*GOAL OF THE EXERCISE*
From the data below, set down exactly the lines between the one holding "line L47 (-7.3672, 61.4297)" and the one holding "spline S17 degree", inclusive, and no others.
*** GIVEN INFORMATION Section Begins ***
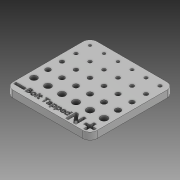
# Autodesk Inventor part: Tapped Test Print
Saved by Autodesk Inventor 2022 (Build 260153000, 153)
## iProperties
Created: 2022-01-18
Part Number: Tapped Test Print
Material: ABS Plastic
Document SubType Name: Modeling
Density: 1.06 g/cm^3
Appearance: Smooth - Medium Gray
Autodesk Inventor part; units mm, degrees
ref_plane "YZ Plane" through (0, 0, 0) normal (1, 0, 0) x (0, 1, 0)
ref_plane "XZ Plane" through (0, 0, 0) normal (0, 1, 0) x (-1, 0, 0)
ref_plane "XY Plane" through (0, 0, 0) normal (0, 0, 1) x (1, 0, 0)
sketch "Sketch1" plane through (0, 0, 0) normal (0, 1, 0) x (-1, 0, 0)
  circle A0 centre (0, 12.7) radius 1.4986
  circle A1 centre (-12.7, 12.7) radius 1.5621
  circle A2 centre (-25.4, 12.7) radius 1.6256
  circle A3 centre (-38.1, 12.7) radius 1.6891
  circle A4 centre (-50.8, 12.7) radius 1.7526
  circle A5 centre (0, 25.4) radius 1.8288
  circle A6 centre (-12.7, 25.4) radius 1.8923
  circle A7 centre (-25.4, 25.4) radius 1.9558
  circle A8 centre (-38.1, 25.4) radius 2.0193
  circle A9 centre (-50.8, 25.4) radius 2.0828
  circle A10 centre (0, 38.1) radius 2.2352
  circle A11 centre (-12.7, 38.1) radius 2.2987
  circle A12 centre (-25.4, 38.1) radius 2.3622
  circle A13 centre (-38.1, 38.1) radius 2.4257
  circle A14 centre (-50.8, 38.1) radius 2.4892
  line L0 (4.7625, 64.6906) -> (-4.7625, 64.6906)
  line L1 (-4.7625, 64.6906) -> (-4.7625, 62.3094)
  line L2 (-4.7625, 62.3094) -> (4.7625, 62.3094)
  line L3 (4.7625, 62.3094) -> (4.7625, 64.6906)
  line L4 (4.7625, 64.6906) -> (-4.7625, 62.3094) construction
  line L5 (-4.7625, 64.6906) -> (4.7625, 62.3094) construction
  line L6 (-58.7375, 64.6906) -> (-68.2625, 64.6906)
  line L7 (-68.2625, 64.6906) -> (-68.2625, 62.3094)
  line L8 (-68.2625, 62.3094) -> (-58.7375, 62.3094)
  line L9 (-58.7375, 62.3094) -> (-58.7375, 64.6906)
  line L10 (-58.7375, 64.6906) -> (-68.2625, 62.3094) construction
  line L11 (-68.2625, 64.6906) -> (-58.7375, 62.3094) construction
  line L12 (-64.6906, 58.7375) -> (-62.3094, 58.7375)
  line L13 (-62.3094, 58.7375) -> (-62.3094, 68.2625)
  line L14 (-62.3094, 68.2625) -> (-64.6906, 68.2625)
  line L15 (-64.6906, 68.2625) -> (-64.6906, 58.7375)
  line L16 (-64.6906, 58.7375) -> (-62.3094, 68.2625) construction
  line L17 (-62.3094, 58.7375) -> (-64.6906, 68.2625) construction
  circle A15 centre (-63.5, 38.1) radius 2.5527
  circle A16 centre (-63.5, 25.4) radius 2.1463
  circle A17 centre (-63.5, 12.7) radius 1.8161
  circle A18 centre (0, 0) radius 1.1684
  circle A19 centre (-12.7, 0) radius 1.2319
  circle A20 centre (-25.4, 0) radius 1.2954
  circle A21 centre (-38.1, 0) radius 1.3589
  circle A22 centre (-50.8, 0) radius 1.4224
  circle A23 centre (-63.5, 0) radius 1.4859
  line L18 (-46.0375, 68.2625) -> (-46.0375, 58.7375)
  line L19 (-46.0375, 58.7375) -> (-48.4188, 58.7375)
  line L20 (-48.4188, 58.7375) -> (-53.1813, 64.5177)
  line L21 (-53.1813, 64.5177) -> (-53.1813, 58.7375)
  line L22 (-53.1813, 58.7375) -> (-55.5625, 58.7375)
  line L23 (-55.5625, 58.7375) -> (-55.5625, 68.2625)
  line L24 (-55.5625, 68.2625) -> (-53.1813, 68.2625)
  line L25 (-53.1813, 68.2625) -> (-48.4188, 62.4823)
  line L26 (-48.4188, 62.4823) -> (-48.4188, 68.2625)
  line L27 (-48.4188, 68.2625) -> (-46.0375, 68.2625)
  line L28 (-50.8, 65.3724) -> (-50.8, 61.6276) construction
  line L29 (6.35, -6.35) -> (-69.85, -6.35)
  line L30 (-69.85, -6.35) -> (-69.85, 69.85)
  line L31 (-69.85, 69.85) -> (6.35, 69.85)
  line L32 (6.35, 69.85) -> (6.35, -6.35)
  line L33 (6.35, -6.35) -> (-69.85, 69.85) construction
  line L34 (-69.85, -6.35) -> (6.35, 69.85) construction
  circle A24 centre (-12.7, 50.8) radius 2.9845
  circle A25 centre (-25.4, 50.8) radius 3.048
  circle A26 centre (-38.1, 50.8) radius 3.1115
  circle A27 centre (-50.8, 50.8) radius 3.175
  circle A28 centre (-63.5, 50.8) radius 3.2385
  circle A29 centre (0, 50.8) radius 2.921
  line L35 (0, 73.2249) -> (-50.8, 73.2249) construction
  line L36 (-50.8, 73.2249) -> (-50.8, 53.7751) construction
  line L37 (-50.8, 53.7751) -> (0, 53.7751) construction
  line L38 (0, 53.7751) -> (0, 73.2249) construction
  spline S0 degree 2 poles (-9.9909, 63.8715) (-9.9909, 64.2275) (-9.72, 64.7654) (-9.4956, 64.9434) knots 0 0 0 1 2 2 2
  spline S1 degree 2 poles (-9.4956, 64.9434) (-9.2247, 65.1562) (-8.5823, 65.3342) (-8.0831, 65.3342) knots 0 0 0 1 2 2 2
  line L39 (-8.0831, 65.3342) -> (-6.1754, 65.3342)
  line L40 (-6.1754, 65.3342) -> (-6.1754, 60.559)
  line L41 (-6.1754, 60.559) -> (-7.8587, 60.559)
  spline S2 degree 2 poles (-7.8587, 60.559) (-8.385, 60.559) (-8.9267, 60.6403) (-9.1628, 60.768) knots 0 0 0 1 2 2 2
  spline S3 degree 2 poles (-9.1628, 60.768) (-9.422, 60.9034) (-9.6736, 61.3678) (-9.6736, 61.6696) knots 0 0 0 1 2 2 2
  spline S4 degree 2 poles (-9.6736, 61.6696) (-9.6736, 62.0179) (-9.3253, 62.5635) (-9.0157, 62.6912) knots 0 0 0 1 2 2 2
  line L42 (-9.0157, 62.6912) -> (-9.0157, 62.7145)
  spline S5 degree 2 poles (-9.0157, 62.7145) (-9.4607, 62.8073) (-9.9909, 63.3839) (-9.9909, 63.8715) knots 0 0 0 1 2 2 2
  spline S6 degree 2 poles (-8.7526, 63.8521) (-8.7526, 63.6277) (-8.5746, 63.3762) (-8.3966, 63.3104) knots 0 0 0 1 2 2 2
  spline S7 degree 2 poles (-8.3966, 63.3104) (-8.2882, 63.2678) (-7.9051, 63.2601) (-7.5878, 63.2601) knots 0 0 0 1 2 2 2
  line L43 (-7.5878, 63.2601) -> (-7.3672, 63.2601)
  line L44 (-7.3672, 63.2601) -> (-7.3672, 64.4636)
  line L45 (-7.3672, 64.4636) -> (-7.433, 64.4636)
  spline S8 degree 2 poles (-7.433, 64.4636) (-7.8974, 64.4636) (-8.2534, 64.4519) (-8.4391, 64.3707) knots 0 0 0 1 2 2 2
  spline S9 degree 2 poles (-8.4391, 64.3707) (-8.6017, 64.2972) (-8.7526, 64.0263) (-8.7526, 63.8521) knots 0 0 0 1 2 2 2
  spline S10 degree 2 poles (-8.4546, 61.9057) (-8.4546, 61.7896) (-8.3347, 61.5458) (-8.2108, 61.4916) knots 0 0 0 1 2 2 2
  spline S11 degree 2 poles (-8.2108, 61.4916) (-8.0947, 61.4375) (-7.7697, 61.4297) (-7.4485, 61.4297) knots 0 0 0 1 2 2 2
  line L46 (-7.4485, 61.4297) -> (-7.3672, 61.4297)
  line L47 (-7.3672, 61.4297) -> (-7.3672, 62.4436)
  line L48 (-7.3672, 62.4436) -> (-7.5182, 62.4436)
  spline S12 degree 2 poles (-7.5182, 62.4436) (-7.8239, 62.4436) (-8.0715, 62.432) (-8.2031, 62.37) knots 0 0 0 1 2 2 2
  spline S13 degree 2 poles (-8.2031, 62.37) (-8.3463, 62.3004) (-8.4546, 62.0643) (-8.4546, 61.9057) knots 0 0 0 1 2 2 2
  spline S14 degree 2 poles (-14.0695, 63.5348) (-14.0695, 64.4249) (-13.0982, 65.4465) (-12.2121, 65.4465) knots 0 0 0 1 2 2 2
  spline S15 degree 2 poles (-12.2121, 65.4465) (-11.3298, 65.4465) (-10.3508, 64.4249) (-10.3508, 63.5348) knots 0 0 0 1 2 2 2
  spline S16 degree 2 poles (-10.3508, 63.5348) (-10.3508, 62.6371) (-11.3298, 61.6193) (-12.2121, 61.6193) knots 0 0 0 1 2 2 2
  spline S17 degree 2 poles (-12.2121, 61.6193) (-13.0944, 61.6193) (-14.0695, 62.6409) (-14.0695, 63.5348) knots 0 0 0 1 2 2 2
  spline S18 degree 2 poles (-12.9202, 63.5426) (-12.9202, 63.2214) (-12.8158, 62.7918) (-12.7229, 62.6641) knots 0 0 0 1 2 2 2
  spline S19 degree 2 poles (-12.7229, 62.6641) (-12.6223, 62.5287) (-12.3707, 62.4242) (-12.2121, 62.4242) knots 0 0 0 1 2 2 2
  spline S20 degree 2 poles (-12.2121, 62.4242) (-12.0573, 62.4242) (-11.8135, 62.5171) (-11.7129, 62.6487) knots 0 0 0 1 2 2 2
  spline S21 degree 2 poles (-11.7129, 62.6487) (-11.6162, 62.7725) (-11.5001, 63.2098) (-11.5001, 63.5426) knots 0 0 0 1 2 2 2
  spline S22 degree 2 poles (-11.5001, 63.5426) (-11.5001, 63.8715) (-11.6084, 64.2778) (-11.6974, 64.4016) knots 0 0 0 1 2 2 2
  spline S23 degree 2 poles (-11.6974, 64.4016) (-11.7864, 64.5255) (-12.0573, 64.6416) (-12.2198, 64.6416) knots 0 0 0 1 2 2 2
  spline S24 degree 2 poles (-12.2198, 64.6416) (-12.3553, 64.6416) (-12.6339, 64.5255) (-12.719, 64.4094) knots 0 0 0 1 2 2 2
  spline S25 degree 2 poles (-12.719, 64.4094) (-12.8158, 64.2739) (-12.9202, 63.8831) (-12.9202, 63.5426) knots 0 0 0 1 2 2 2
  line L49 (-15.7877, 65.3342) -> (-14.6655, 65.3342)
  line L50 (-14.6655, 65.3342) -> (-14.6655, 60.3462)
  line L51 (-14.6655, 60.3462) -> (-15.7877, 60.3462)
  line L52 (-15.7877, 60.3462) -> (-15.7877, 65.3342)
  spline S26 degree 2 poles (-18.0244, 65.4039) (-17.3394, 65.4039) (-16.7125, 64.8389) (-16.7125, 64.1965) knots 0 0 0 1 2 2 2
*** GIVEN INFORMATION Section Ends ***
*OUTPUT*
  line L47 (-7.3672, 61.4297) -> (-7.3672, 62.4436)
  line L48 (-7.3672, 62.4436) -> (-7.5182, 62.4436)
  spline S12 degree 2 poles (-7.5182, 62.4436) (-7.8239, 62.4436) (-8.0715, 62.432) (-8.2031, 62.37) knots 0 0 0 1 2 2 2
  spline S13 degree 2 poles (-8.2031, 62.37) (-8.3463, 62.3004) (-8.4546, 62.0643) (-8.4546, 61.9057) knots 0 0 0 1 2 2 2
  spline S14 degree 2 poles (-14.0695, 63.5348) (-14.0695, 64.4249) (-13.0982, 65.4465) (-12.2121, 65.4465) knots 0 0 0 1 2 2 2
  spline S15 degree 2 poles (-12.2121, 65.4465) (-11.3298, 65.4465) (-10.3508, 64.4249) (-10.3508, 63.5348) knots 0 0 0 1 2 2 2
  spline S16 degree 2 poles (-10.3508, 63.5348) (-10.3508, 62.6371) (-11.3298, 61.6193) (-12.2121, 61.6193) knots 0 0 0 1 2 2 2
  spline S17 degree 2 poles (-12.2121, 61.6193) (-13.0944, 61.6193) (-14.0695, 62.6409) (-14.0695, 63.5348) knots 0 0 0 1 2 2 2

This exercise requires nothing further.